Senin, 27 April 2026

Cegah Corona, Puskesmas Juga Mendapatkan APD

Berita Terkait

batampos.co.id – Tidak hanya rumah sakit, Pusat Layanan Masyarakat (Puskesmas) di Kota Batam juga mendapat Alat Pelindung Diri (APD).

Kepala Dinas Kesehatan Kota Batam, Didi Kusmarjadi, mengatakan, setiap Puskesmas akan mendapatkan tiga APD.

“Untuk (baju) hazmat, kita drop tiga untuk setiap puskesmas, kalau habis, puskesmas bisa ambil lagi,” katanya, Rabu (8/4/2020).

Ia menerangkan, pembagian baju hazmat di tengah keterbatasanya, akan mempertimbangkan skala prioritas.

Kini, yang paling membutuhkan yakni rumah sakit karena diperlukan untuk merawat pasien.

”Untuk hazmat, itukan diperlukan untuk kondisi tertentu,” imbuhnya.

Sementara itu, APD lain seperti masker maupun handsanitizer, stoknya di semua puskesmas cukup.

”Masker N95 dan juga masker biasa banyak. Untuk puskesmas, stoknya aman,” ujarnya.

Kepala BP Batam/Wali Kota Batam, Muhammad Rudi (tiga dari kiri) menerima bantuan berupa test kit dari Konjen Singapura di Batam, Mark Low. Foto: BP batam untuk batampos.co.id

Sementara itu, berbagai bantuan mengalir untuk penanganan Covid-19 di Batam. Sebelumnya, Wali Kota Batam, Muhammad Rudi menerima bantuan dari Temasek Foundation Singapura.

Bantuan diberikan dalam upaya percepatan penanganan corona virus disease (Covid-19). Proses penyerahan kali ini dilakukan dengan menggunakan video conference.

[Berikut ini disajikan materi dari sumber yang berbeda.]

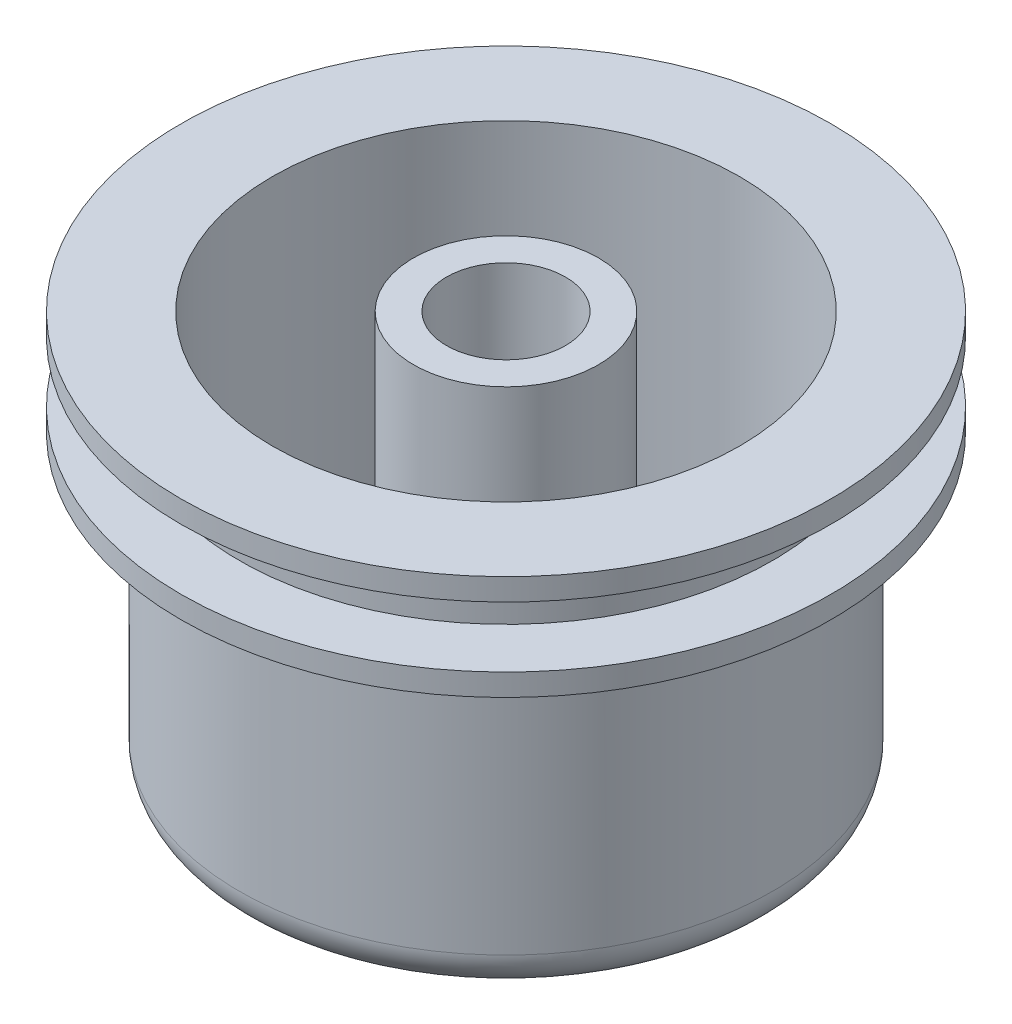
ISO-10303-21;
HEADER;
FILE_DESCRIPTION(('STEP AP214'),'2;1');
FILE_NAME('part.step','',(''),(''),'','','');
FILE_SCHEMA(('AUTOMOTIVE_DESIGN { 1 0 10303 214 1 1 1 1 }'));
ENDSEC;
DATA;
#1=APPLICATION_CONTEXT('core data for automotive mechanical design processes');
#2=APPLICATION_PROTOCOL_DEFINITION('international standard','automotive_design',2000,#1);
#3=PRODUCT_CONTEXT('',#1,'mechanical');
#4=PRODUCT('Part','Part','',(#3));
#5=PRODUCT_RELATED_PRODUCT_CATEGORY('part','',(#4));
#6=PRODUCT_DEFINITION_FORMATION('','',#4);
#7=PRODUCT_DEFINITION_CONTEXT('part definition',#1,'design');
#8=PRODUCT_DEFINITION('design','',#6,#7);
#9=PRODUCT_DEFINITION_SHAPE('','',#8);
#10=(LENGTH_UNIT() NAMED_UNIT(*) SI_UNIT(.MILLI.,.METRE.));
#11=(NAMED_UNIT(*) PLANE_ANGLE_UNIT() SI_UNIT($,.RADIAN.));
#12=(NAMED_UNIT(*) SI_UNIT($,.STERADIAN.) SOLID_ANGLE_UNIT());
#13=UNCERTAINTY_MEASURE_WITH_UNIT(LENGTH_MEASURE(1.E-05),#10,'distance_accuracy_value','');
#14=(GEOMETRIC_REPRESENTATION_CONTEXT(3) GLOBAL_UNCERTAINTY_ASSIGNED_CONTEXT((#13)) GLOBAL_UNIT_ASSIGNED_CONTEXT((#10,
#11,#12)) REPRESENTATION_CONTEXT('',''));
#15=CARTESIAN_POINT('',(0.,0.,0.));
#16=DIRECTION('',(0.,0.,1.));
#17=DIRECTION('',(1.,0.,0.));
#18=AXIS2_PLACEMENT_3D('',#15,#16,#17);
#19=CARTESIAN_POINT('',(0.,19.05508,0.));
#20=DIRECTION('',(0.,-1.,0.));
#21=DIRECTION('',(0.,0.,-1.));
#22=AXIS2_PLACEMENT_3D('',#19,#20,#21);
#23=CYLINDRICAL_SURFACE('',#22,2.7432);
#24=CARTESIAN_POINT('',(0.,18.796,0.));
#25=DIRECTION('',(0.,-1.,0.));
#26=DIRECTION('',(0.,0.,-1.));
#27=AXIS2_PLACEMENT_3D('',#24,#25,#26);
#28=CIRCLE('',#27,2.7432);
#29=CARTESIAN_POINT('',(0.,18.796,-2.7432));
#30=VERTEX_POINT('',#29);
#31=EDGE_CURVE('E231',#30,#30,#28,.T.);
#32=ORIENTED_EDGE('',*,*,#31,.F.);
#33=EDGE_LOOP('',(#32));
#34=FACE_BOUND('',#33,.T.);
#35=CARTESIAN_POINT('',(0.,5.84200000000041,0.));
#36=DIRECTION('',(0.,-1.,0.));
#37=DIRECTION('',(0.,0.,-1.));
#38=AXIS2_PLACEMENT_3D('',#35,#36,#37);
#39=CIRCLE('',#38,2.7432);
#40=CARTESIAN_POINT('',(0.,5.84200000000041,-2.7432));
#41=VERTEX_POINT('',#40);
#42=EDGE_CURVE('E237',#41,#41,#39,.T.);
#43=ORIENTED_EDGE('',*,*,#42,.T.);
#44=EDGE_LOOP('',(#43));
#45=FACE_BOUND('',#44,.T.);
#46=ADVANCED_FACE('F17',(#34,#45),#23,.F.);
#47=CARTESIAN_POINT('',(0.,13.97,0.));
#48=DIRECTION('',(0.,1.,0.));
#49=DIRECTION('',(0.,0.,1.));
#50=AXIS2_PLACEMENT_3D('',#47,#48,#49);
#51=PLANE('',#50);
#52=CARTESIAN_POINT('',(0.,13.97,0.));
#53=DIRECTION('',(0.,-1.,0.));
#54=DIRECTION('',(0.,0.,-1.));
#55=AXIS2_PLACEMENT_3D('',#52,#53,#54);
#56=CIRCLE('',#55,12.2936);
#57=CARTESIAN_POINT('',(0.,13.97,-12.2936));
#58=VERTEX_POINT('',#57);
#59=EDGE_CURVE('E228',#58,#58,#56,.T.);
#60=ORIENTED_EDGE('',*,*,#59,.F.);
#61=EDGE_LOOP('',(#60));
#62=FACE_BOUND('',#61,.T.);
#63=CARTESIAN_POINT('',(0.,13.9700000000011,0.));
#64=DIRECTION('',(0.,1.,0.));
#65=DIRECTION('',(0.,0.,1.));
#66=AXIS2_PLACEMENT_3D('',#63,#64,#65);
#67=CIRCLE('',#66,14.986);
#68=CARTESIAN_POINT('',(0.,13.9700000000011,14.986));
#69=VERTEX_POINT('',#68);
#70=EDGE_CURVE('E234',#69,#69,#67,.T.);
#71=ORIENTED_EDGE('',*,*,#70,.F.);
#72=EDGE_LOOP('',(#71));
#73=FACE_BOUND('',#72,.T.);
#74=ADVANCED_FACE('F114',(#62,#73),#51,.F.);
#75=CARTESIAN_POINT('',(0.,5.842,0.));
#76=DIRECTION('',(0.,1.,0.));
#77=DIRECTION('',(0.,0.,1.));
#78=AXIS2_PLACEMENT_3D('',#75,#76,#77);
#79=PLANE('',#78);
#80=ORIENTED_EDGE('',*,*,#42,.F.);
#81=EDGE_LOOP('',(#80));
#82=FACE_BOUND('',#81,.T.);
#83=CARTESIAN_POINT('',(0.,5.842,0.));
#84=DIRECTION('',(0.,-1.,0.));
#85=DIRECTION('',(0.,0.,-1.));
#86=AXIS2_PLACEMENT_3D('',#83,#84,#85);
#87=CIRCLE('',#86,4.1656);
#88=CARTESIAN_POINT('',(0.,5.842,-4.1656));
#89=VERTEX_POINT('',#88);
#90=EDGE_CURVE('E225',#89,#89,#87,.T.);
#91=ORIENTED_EDGE('',*,*,#90,.T.);
#92=EDGE_LOOP('',(#91));
#93=FACE_BOUND('',#92,.T.);
#94=ADVANCED_FACE('F111',(#82,#93),#79,.F.);
#95=CARTESIAN_POINT('',(0.,13.9143431629979,0.));
#96=DIRECTION('',(0.,1.,0.));
#97=DIRECTION('',(0.,0.,1.));
#98=AXIS2_PLACEMENT_3D('',#95,#96,#97);
#99=CYLINDRICAL_SURFACE('',#98,14.986);
#100=ORIENTED_EDGE('',*,*,#70,.T.);
#101=EDGE_LOOP('',(#100));
#102=FACE_BOUND('',#101,.T.);
#103=CARTESIAN_POINT('',(0.,14.9859999999989,0.));
#104=DIRECTION('',(0.,1.,0.));
#105=DIRECTION('',(0.,0.,1.));
#106=AXIS2_PLACEMENT_3D('',#103,#104,#105);
#107=CIRCLE('',#106,14.986);
#108=CARTESIAN_POINT('',(0.,14.9859999999989,14.986));
#109=VERTEX_POINT('',#108);
#110=EDGE_CURVE('E222',#109,#109,#107,.T.);
#111=ORIENTED_EDGE('',*,*,#110,.F.);
#112=EDGE_LOOP('',(#111));
#113=FACE_BOUND('',#112,.T.);
#114=ADVANCED_FACE('F107',(#102,#113),#99,.T.);
#115=CARTESIAN_POINT('',(0.,18.796,0.));
#116=DIRECTION('',(0.,1.,0.));
#117=DIRECTION('',(0.,0.,1.));
#118=AXIS2_PLACEMENT_3D('',#115,#116,#117);
#119=PLANE('',#118);
#120=ORIENTED_EDGE('',*,*,#31,.T.);
#121=EDGE_LOOP('',(#120));
#122=FACE_BOUND('',#121,.T.);
#123=CARTESIAN_POINT('',(0.,18.796,0.));
#124=DIRECTION('',(0.,-1.,0.));
#125=DIRECTION('',(0.,0.,-1.));
#126=AXIS2_PLACEMENT_3D('',#123,#124,#125);
#127=CIRCLE('',#126,4.2672);
#128=CARTESIAN_POINT('',(0.,18.796,-4.2672));
#129=VERTEX_POINT('',#128);
#130=EDGE_CURVE('E218',#129,#129,#127,.T.);
#131=ORIENTED_EDGE('',*,*,#130,.F.);
#132=EDGE_LOOP('',(#131));
#133=FACE_BOUND('',#132,.T.);
#134=ADVANCED_FACE('F103',(#122,#133),#119,.T.);
#135=CARTESIAN_POINT('',(0.,18.10004,0.));
#136=DIRECTION('',(0.,-1.,0.));
#137=DIRECTION('',(0.,0.,-1.));
#138=AXIS2_PLACEMENT_3D('',#135,#136,#137);
#139=CYLINDRICAL_SURFACE('',#138,12.2936);
#140=CARTESIAN_POINT('',(0.,1.778,0.));
#141=DIRECTION('',(0.,-1.,0.));
#142=DIRECTION('',(-1.,0.,0.));
#143=AXIS2_PLACEMENT_3D('',#140,#141,#142);
#144=CIRCLE('',#143,12.2936000000021);
#145=CARTESIAN_POINT('',(-12.2936000000021,1.778,0.));
#146=VERTEX_POINT('',#145);
#147=EDGE_CURVE('E221',#146,#146,#144,.T.);
#148=ORIENTED_EDGE('',*,*,#147,.F.);
#149=EDGE_LOOP('',(#148));
#150=FACE_BOUND('',#149,.T.);
#151=ORIENTED_EDGE('',*,*,#59,.T.);
#152=EDGE_LOOP('',(#151));
#153=FACE_BOUND('',#152,.T.);
#154=ADVANCED_FACE('F99',(#150,#153),#139,.T.);
#155=CARTESIAN_POINT('',(0.,5.94614,0.));
#156=DIRECTION('',(0.,-1.,0.));
#157=DIRECTION('',(0.,0.,-1.));
#158=AXIS2_PLACEMENT_3D('',#155,#156,#157);
#159=CYLINDRICAL_SURFACE('',#158,4.1656);
#160=ORIENTED_EDGE('',*,*,#90,.F.);
#161=EDGE_LOOP('',(#160));
#162=FACE_BOUND('',#161,.T.);
#163=CARTESIAN_POINT('',(0.,0.635,0.));
#164=DIRECTION('',(0.,-1.,0.));
#165=DIRECTION('',(-0.999785221174219,0.,-0.0207246597467384));
#166=AXIS2_PLACEMENT_3D('',#163,#164,#165);
#167=CIRCLE('',#166,4.16559999999915);
#168=CARTESIAN_POINT('',(-4.16470531732248,0.635,-0.0863306426409961));
#169=VERTEX_POINT('',#168);
#170=EDGE_CURVE('E71',#169,#169,#167,.F.);
#171=ORIENTED_EDGE('',*,*,#170,.F.);
#172=EDGE_LOOP('',(#171));
#173=FACE_BOUND('',#172,.T.);
#174=ADVANCED_FACE('F95',(#162,#173),#159,.F.);
#175=CARTESIAN_POINT('',(0.,14.986,0.));
#176=DIRECTION('',(0.,1.,0.));
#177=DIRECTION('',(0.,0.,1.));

Video conference dilaksanakan bersama Dubes RI untuk Singapura, Ngurah Swajaya; Atase Pertahanan RI–Singapura, Kol PNB Benny Arfan; Perwakilan Temasek Foundation; Perwakilan Tuan Sing Holding; dan Perwakilan Sinar Mas.

Adapun, bantuan yang diberikan yaitu 35 unit intermediate bulk container, 350 drum trolley, 350 drum kapasitas 100 liter, 400 hand pump, 425 botol 2100LF concentrate, dan 350 water dispenser berukuran 10 liter.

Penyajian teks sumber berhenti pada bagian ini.